**Your instructions:** Check the records below line by line for the string "Outport". Give the number of lines that contain it and nothing else.

===============

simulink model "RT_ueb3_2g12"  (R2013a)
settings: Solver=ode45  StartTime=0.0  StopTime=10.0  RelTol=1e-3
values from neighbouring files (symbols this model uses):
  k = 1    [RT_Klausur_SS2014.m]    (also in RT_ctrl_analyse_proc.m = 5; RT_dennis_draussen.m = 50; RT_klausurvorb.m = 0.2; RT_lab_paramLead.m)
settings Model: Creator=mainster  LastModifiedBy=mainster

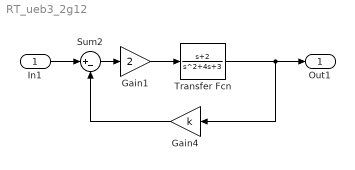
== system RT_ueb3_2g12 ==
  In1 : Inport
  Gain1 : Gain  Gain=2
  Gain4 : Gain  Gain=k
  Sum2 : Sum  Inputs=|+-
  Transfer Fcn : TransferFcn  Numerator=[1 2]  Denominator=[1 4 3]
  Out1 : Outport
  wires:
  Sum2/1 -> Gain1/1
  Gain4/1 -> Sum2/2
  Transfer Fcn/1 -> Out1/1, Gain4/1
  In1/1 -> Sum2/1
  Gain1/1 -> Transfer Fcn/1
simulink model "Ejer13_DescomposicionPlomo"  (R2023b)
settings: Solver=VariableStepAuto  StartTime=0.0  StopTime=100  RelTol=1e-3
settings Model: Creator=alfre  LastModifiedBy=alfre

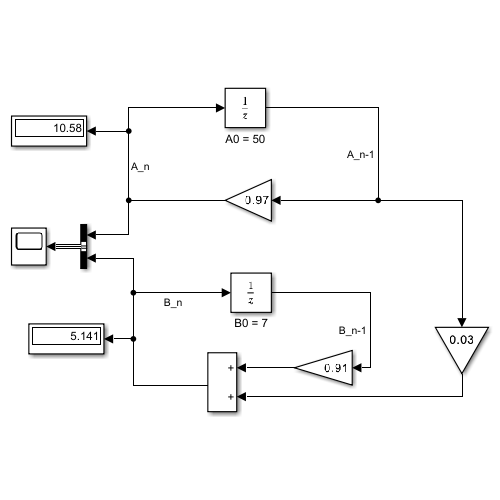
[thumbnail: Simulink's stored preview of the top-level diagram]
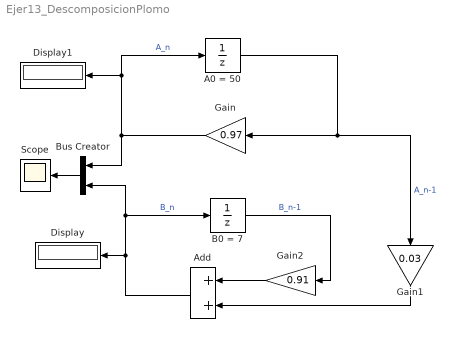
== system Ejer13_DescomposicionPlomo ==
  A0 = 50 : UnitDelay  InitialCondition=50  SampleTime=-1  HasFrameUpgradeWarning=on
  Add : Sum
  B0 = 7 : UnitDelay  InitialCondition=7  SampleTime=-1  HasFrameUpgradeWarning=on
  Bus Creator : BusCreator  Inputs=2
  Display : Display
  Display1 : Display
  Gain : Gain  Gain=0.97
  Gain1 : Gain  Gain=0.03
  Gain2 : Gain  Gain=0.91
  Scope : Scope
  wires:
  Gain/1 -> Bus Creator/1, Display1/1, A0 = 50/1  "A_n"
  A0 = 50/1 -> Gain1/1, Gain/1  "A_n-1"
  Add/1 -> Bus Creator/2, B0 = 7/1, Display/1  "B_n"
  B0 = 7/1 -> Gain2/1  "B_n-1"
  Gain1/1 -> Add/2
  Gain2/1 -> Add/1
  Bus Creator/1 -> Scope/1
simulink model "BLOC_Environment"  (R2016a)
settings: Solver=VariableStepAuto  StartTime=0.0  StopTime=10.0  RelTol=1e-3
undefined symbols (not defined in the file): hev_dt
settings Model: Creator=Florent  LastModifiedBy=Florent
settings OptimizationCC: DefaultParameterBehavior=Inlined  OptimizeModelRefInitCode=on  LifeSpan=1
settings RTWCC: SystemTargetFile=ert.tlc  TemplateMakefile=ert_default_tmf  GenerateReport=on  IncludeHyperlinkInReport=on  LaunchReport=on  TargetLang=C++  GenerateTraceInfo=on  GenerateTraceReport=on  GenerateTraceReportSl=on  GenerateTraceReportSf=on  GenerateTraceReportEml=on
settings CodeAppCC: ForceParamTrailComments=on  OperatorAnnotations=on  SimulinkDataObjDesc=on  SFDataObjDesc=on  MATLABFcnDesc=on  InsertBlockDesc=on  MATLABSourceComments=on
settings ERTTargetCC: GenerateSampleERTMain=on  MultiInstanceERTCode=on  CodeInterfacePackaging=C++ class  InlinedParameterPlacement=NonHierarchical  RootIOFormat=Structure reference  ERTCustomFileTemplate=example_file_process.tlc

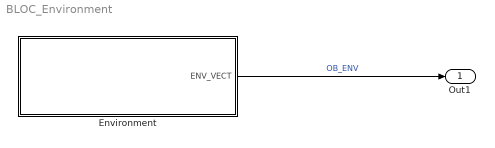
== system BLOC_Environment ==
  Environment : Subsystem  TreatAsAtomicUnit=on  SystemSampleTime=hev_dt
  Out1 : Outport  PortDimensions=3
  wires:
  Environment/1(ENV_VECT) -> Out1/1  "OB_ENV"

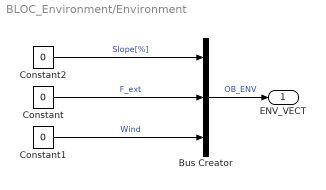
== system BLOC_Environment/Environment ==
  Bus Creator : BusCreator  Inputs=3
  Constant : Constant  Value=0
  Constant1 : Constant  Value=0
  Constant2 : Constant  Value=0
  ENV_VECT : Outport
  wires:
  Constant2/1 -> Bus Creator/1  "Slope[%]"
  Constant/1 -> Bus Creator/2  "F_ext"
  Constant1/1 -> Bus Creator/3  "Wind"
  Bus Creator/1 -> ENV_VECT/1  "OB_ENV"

===============

**Reply:** 3